I own a Canon 7D. There is absolutely no way you'll find one for anywhere close to $700. Used ones (just the body) are going for ~$1100-$1300.

Do you want a camera for video or for still shots? Do you want something with interchangeable lenses?

If you're serious about wanting to do some good video then I would consider two cameras. Use a Canon T2i (almost as good as the 7D) for your video & stills and then keep a seperate video camera for hand-held shots.

If you have a spare $200 after your birthday then you can spend it on a GoPro or something for POV clips.... or you can use it to buy better lenses (or a better mic) for the Canon


----------



## C.B. (Jan 18, 2011)

alecdude88 said:


> also i got a friend whose willing to sell me a gl2 for 650 dollars any opinions on this?


i used gl2s all the time in highschool there great cameras id go for that deal


----------



## alecdude88 (Dec 13, 2009)

i would want a camcorder that would preferably have a digital storage system just because its that much easier to get on a computer.

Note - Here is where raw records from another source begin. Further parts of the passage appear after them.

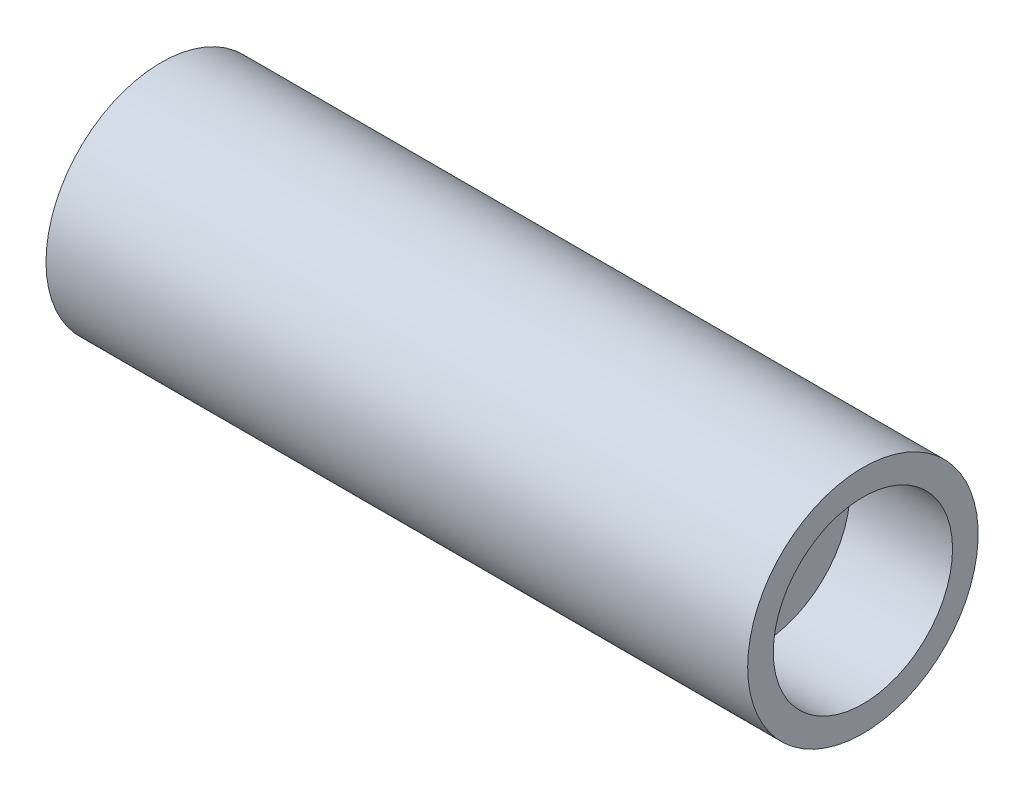
ISO-10303-21;
HEADER;
FILE_DESCRIPTION(('STEP AP214'),'2;1');
FILE_NAME('part.step','',(''),(''),'','','');
FILE_SCHEMA(('AUTOMOTIVE_DESIGN { 1 0 10303 214 1 1 1 1 }'));
ENDSEC;
DATA;
#1=APPLICATION_CONTEXT('core data for automotive mechanical design processes');
#2=APPLICATION_PROTOCOL_DEFINITION('international standard','automotive_design',2000,#1);
#3=PRODUCT_CONTEXT('',#1,'mechanical');
#4=PRODUCT('Part','Part','',(#3));
#5=PRODUCT_RELATED_PRODUCT_CATEGORY('part','',(#4));
#6=PRODUCT_DEFINITION_FORMATION('','',#4);
#7=PRODUCT_DEFINITION_CONTEXT('part definition',#1,'design');
#8=PRODUCT_DEFINITION('design','',#6,#7);
#9=PRODUCT_DEFINITION_SHAPE('','',#8);
#10=(LENGTH_UNIT() NAMED_UNIT(*) SI_UNIT(.MILLI.,.METRE.));
#11=(NAMED_UNIT(*) PLANE_ANGLE_UNIT() SI_UNIT($,.RADIAN.));
#12=(NAMED_UNIT(*) SI_UNIT($,.STERADIAN.) SOLID_ANGLE_UNIT());
#13=UNCERTAINTY_MEASURE_WITH_UNIT(LENGTH_MEASURE(1.E-05),#10,'distance_accuracy_value','');
#14=(GEOMETRIC_REPRESENTATION_CONTEXT(3) GLOBAL_UNCERTAINTY_ASSIGNED_CONTEXT((#13)) GLOBAL_UNIT_ASSIGNED_CONTEXT((#10,
#11,#12)) REPRESENTATION_CONTEXT('',''));
#15=CARTESIAN_POINT('',(0.,0.,0.));
#16=DIRECTION('',(0.,0.,1.));
#17=DIRECTION('',(1.,0.,0.));
#18=AXIS2_PLACEMENT_3D('',#15,#16,#17);
#19=CARTESIAN_POINT('',(13.7,4.5,0.));
#20=DIRECTION('',(-1.,0.,0.));
#21=DIRECTION('',(0.,0.,1.));
#22=AXIS2_PLACEMENT_3D('',#19,#20,#21);
#23=PLANE('',#22);
#24=CARTESIAN_POINT('',(13.7,0.,0.));
#25=DIRECTION('',(-1.,0.,0.));
#26=DIRECTION('',(0.,0.,1.));
#27=AXIS2_PLACEMENT_3D('',#24,#25,#26);
#28=CIRCLE('',#27,4.5);
#29=CARTESIAN_POINT('',(13.7,0.,4.5));
#30=VERTEX_POINT('',#29);
#31=EDGE_CURVE('E10',#30,#30,#28,.T.);
#32=ORIENTED_EDGE('',*,*,#31,.F.);
#33=EDGE_LOOP('',(#32));
#34=FACE_BOUND('',#33,.T.);
#35=CARTESIAN_POINT('',(13.7,0.,0.));
#36=DIRECTION('',(-1.,0.,0.));
#37=DIRECTION('',(0.,0.,1.));
#38=AXIS2_PLACEMENT_3D('',#35,#36,#37);
#39=CIRCLE('',#38,3.5);
#40=CARTESIAN_POINT('',(13.7,0.,3.5));
#41=VERTEX_POINT('',#40);
#42=EDGE_CURVE('E60',#41,#41,#39,.T.);
#43=ORIENTED_EDGE('',*,*,#42,.T.);
#44=EDGE_LOOP('',(#43));
#45=FACE_BOUND('',#44,.T.);
#46=ADVANCED_FACE('F32',(#34,#45),#23,.F.);
#47=CARTESIAN_POINT('',(-6.49546448668863,0.,0.));
#48=DIRECTION('',(-1.,0.,0.));
#49=DIRECTION('',(0.,0.,1.));
#50=AXIS2_PLACEMENT_3D('',#47,#48,#49);
#51=CYLINDRICAL_SURFACE('',#50,4.5);
#52=CARTESIAN_POINT('',(-13.7,0.,0.));
#53=DIRECTION('',(-1.,0.,0.));
#54=DIRECTION('',(0.,0.,1.));
#55=AXIS2_PLACEMENT_3D('',#52,#53,#54);
#56=CIRCLE('',#55,4.5);
#57=CARTESIAN_POINT('',(-13.7,0.,4.5));
#58=VERTEX_POINT('',#57);
#59=EDGE_CURVE('E38',#58,#58,#56,.T.);
#60=ORIENTED_EDGE('',*,*,#59,.F.);
#61=EDGE_LOOP('',(#60));
#62=FACE_BOUND('',#61,.T.);
#63=ORIENTED_EDGE('',*,*,#31,.T.);
#64=EDGE_LOOP('',(#63));
#65=FACE_BOUND('',#64,.T.);
#66=ADVANCED_FACE('F97',(#62,#65),#51,.T.);
#67=CARTESIAN_POINT('',(-13.7,4.5,0.));
#68=DIRECTION('',(1.,0.,0.));
#69=DIRECTION('',(0.,0.,-1.));
#70=AXIS2_PLACEMENT_3D('',#67,#68,#69);
#71=PLANE('',#70);
#72=CARTESIAN_POINT('',(-13.7,0.,0.));
#73=DIRECTION('',(-1.,0.,0.));
#74=DIRECTION('',(0.,0.,1.));
#75=AXIS2_PLACEMENT_3D('',#72,#73,#74);
#76=CIRCLE('',#75,3.5);
#77=CARTESIAN_POINT('',(-13.7,0.,3.5));
#78=VERTEX_POINT('',#77);
#79=EDGE_CURVE('E42',#78,#78,#76,.T.);
#80=ORIENTED_EDGE('',*,*,#79,.F.);
#81=EDGE_LOOP('',(#80));
#82=FACE_BOUND('',#81,.T.);
#83=ORIENTED_EDGE('',*,*,#59,.T.);
#84=EDGE_LOOP('',(#83));
#85=FACE_BOUND('',#84,.T.);
#86=ADVANCED_FACE('F92',(#82,#85),#71,.F.);
#87=CARTESIAN_POINT('',(-6.49546448668863,0.,0.));
#88=DIRECTION('',(-1.,0.,0.));
#89=DIRECTION('',(0.,0.,1.));
#90=AXIS2_PLACEMENT_3D('',#87,#88,#89);
#91=CYLINDRICAL_SURFACE('',#90,3.5);
#92=CARTESIAN_POINT('',(-9.70000000000001,0.,0.));
#93=DIRECTION('',(-1.,0.,0.));
#94=DIRECTION('',(0.,0.,1.));
#95=AXIS2_PLACEMENT_3D('',#92,#93,#94);
#96=CIRCLE('',#95,3.5);
#97=CARTESIAN_POINT('',(-9.70000000000001,0.,3.5));
#98=VERTEX_POINT('',#97);
#99=EDGE_CURVE('E46',#98,#98,#96,.T.);
#100=ORIENTED_EDGE('',*,*,#99,.F.);
#101=EDGE_LOOP('',(#100));
#102=FACE_BOUND('',#101,.T.);
#103=ORIENTED_EDGE('',*,*,#79,.T.);
#104=EDGE_LOOP('',(#103));
#105=FACE_BOUND('',#104,.T.);
#106=ADVANCED_FACE('F86',(#102,#105),#91,.F.);
#107=CARTESIAN_POINT('',(-9.70000000000001,3.5,0.));
#108=DIRECTION('',(1.,0.,0.));
#109=DIRECTION('',(0.,0.,-1.));
#110=AXIS2_PLACEMENT_3D('',#107,#108,#109);
#111=PLANE('',#110);
#112=CARTESIAN_POINT('',(-9.70000000000001,0.,0.));
#113=DIRECTION('',(-1.,0.,0.));
#114=DIRECTION('',(0.,0.,1.));
#115=AXIS2_PLACEMENT_3D('',#112,#113,#114);
#116=CIRCLE('',#115,2.);
#117=CARTESIAN_POINT('',(-9.70000000000001,0.,2.));
#118=VERTEX_POINT('',#117);
#119=EDGE_CURVE('E51',#118,#118,#116,.T.);
#120=ORIENTED_EDGE('',*,*,#119,.F.);
#121=EDGE_LOOP('',(#120));
#122=FACE_BOUND('',#121,.T.);
#123=ORIENTED_EDGE('',*,*,#99,.T.);
#124=EDGE_LOOP('',(#123));
#125=FACE_BOUND('',#124,.T.);
#126=ADVANCED_FACE('F80',(#122,#125),#111,.F.);
#127=CARTESIAN_POINT('',(-6.49546448668863,0.,0.));
#128=DIRECTION('',(-1.,0.,0.));
#129=DIRECTION('',(0.,0.,1.));
#130=AXIS2_PLACEMENT_3D('',#127,#128,#129);
#131=CYLINDRICAL_SURFACE('',#130,2.);
#132=CARTESIAN_POINT('',(9.69999999999998,0.,0.));
#133=DIRECTION('',(-1.,0.,0.));
#134=DIRECTION('',(0.,0.,1.));
#135=AXIS2_PLACEMENT_3D('',#132,#133,#134);
#136=CIRCLE('',#135,2.);
#137=CARTESIAN_POINT('',(9.69999999999998,0.,2.));
#138=VERTEX_POINT('',#137);
#139=EDGE_CURVE('E54',#138,#138,#136,.T.);
#140=ORIENTED_EDGE('',*,*,#139,.F.);
#141=EDGE_LOOP('',(#140));
#142=FACE_BOUND('',#141,.T.);
#143=ORIENTED_EDGE('',*,*,#119,.T.);
#144=EDGE_LOOP('',(#143));
#145=FACE_BOUND('',#144,.T.);
#146=ADVANCED_FACE('F74',(#142,#145),#131,.F.);
#147=CARTESIAN_POINT('',(9.69999999999998,3.5,0.));
#148=DIRECTION('',(-1.,0.,0.));
#149=DIRECTION('',(0.,0.,1.));
#150=AXIS2_PLACEMENT_3D('',#147,#148,#149);
#151=PLANE('',#150);
#152=CARTESIAN_POINT('',(9.69999999999998,0.,0.));
#153=DIRECTION('',(-1.,0.,0.));
#154=DIRECTION('',(0.,0.,1.));
#155=AXIS2_PLACEMENT_3D('',#152,#153,#154);
#156=CIRCLE('',#155,3.5);
#157=CARTESIAN_POINT('',(9.69999999999998,0.,3.5));
#158=VERTEX_POINT('',#157);
#159=EDGE_CURVE('E57',#158,#158,#156,.T.);
#160=ORIENTED_EDGE('',*,*,#159,.F.);
#161=EDGE_LOOP('',(#160));
#162=FACE_BOUND('',#161,.T.);
#163=ORIENTED_EDGE('',*,*,#139,.T.);
#164=EDGE_LOOP('',(#163));
#165=FACE_BOUND('',#164,.T.);
#166=ADVANCED_FACE('F68',(#162,#165),#151,.F.);
#167=CARTESIAN_POINT('',(-6.49546448668863,0.,0.));
#168=DIRECTION('',(-1.,0.,0.));
#169=DIRECTION('',(0.,0.,1.));
#170=AXIS2_PLACEMENT_3D('',#167,#168,#169);
#171=CYLINDRICAL_SURFACE('',#170,3.5);
#172=ORIENTED_EDGE('',*,*,#42,.F.);
#173=EDGE_LOOP('',(#172));
#174=FACE_BOUND('',#173,.T.);
#175=ORIENTED_EDGE('',*,*,#159,.T.);
#176=EDGE_LOOP('',(#175));
#177=FACE_BOUND('',#176,.T.);
#178=ADVANCED_FACE('F65',(#174,#177),#171,.F.);
#179=CLOSED_SHELL('',(#46,#66,#86,#106,#126,#146,#166,#178));
#180=MANIFOLD_SOLID_BREP('B2',#179);
#181=ADVANCED_BREP_SHAPE_REPRESENTATION('',(#18,#180),#14);
#182=SHAPE_DEFINITION_REPRESENTATION(#9,#181);
ENDSEC;
END-ISO-10303-21;

I'm also looking for good zoom quality not just digital. the T2i looks great for taking pictures and long shots but i also planned on using this for skateboarding so i wouldn't want it for filming lines


----------



## cocolulu (Jan 21, 2011)

I'm not sure what you mean by 'digital storage system'. I mean... all digital cameras/camcorders use digital memory, so you either put the memory card in a reader or you plug the camera into your computer to transfer files.

If you want HD Video... do you want 1080P or 720P? Very very few P&S cameras have 1080P, so that will push you to either mirrorless cameras or DSLR's.

If you want a pocket compact (which will all do 720P video): There's the Panasonic LX-5, and the Canon S95, or if you want more zoom, the Panasonic ZS5 or ZS7. With the ZS5/7, the aperture control on it is really a joke though.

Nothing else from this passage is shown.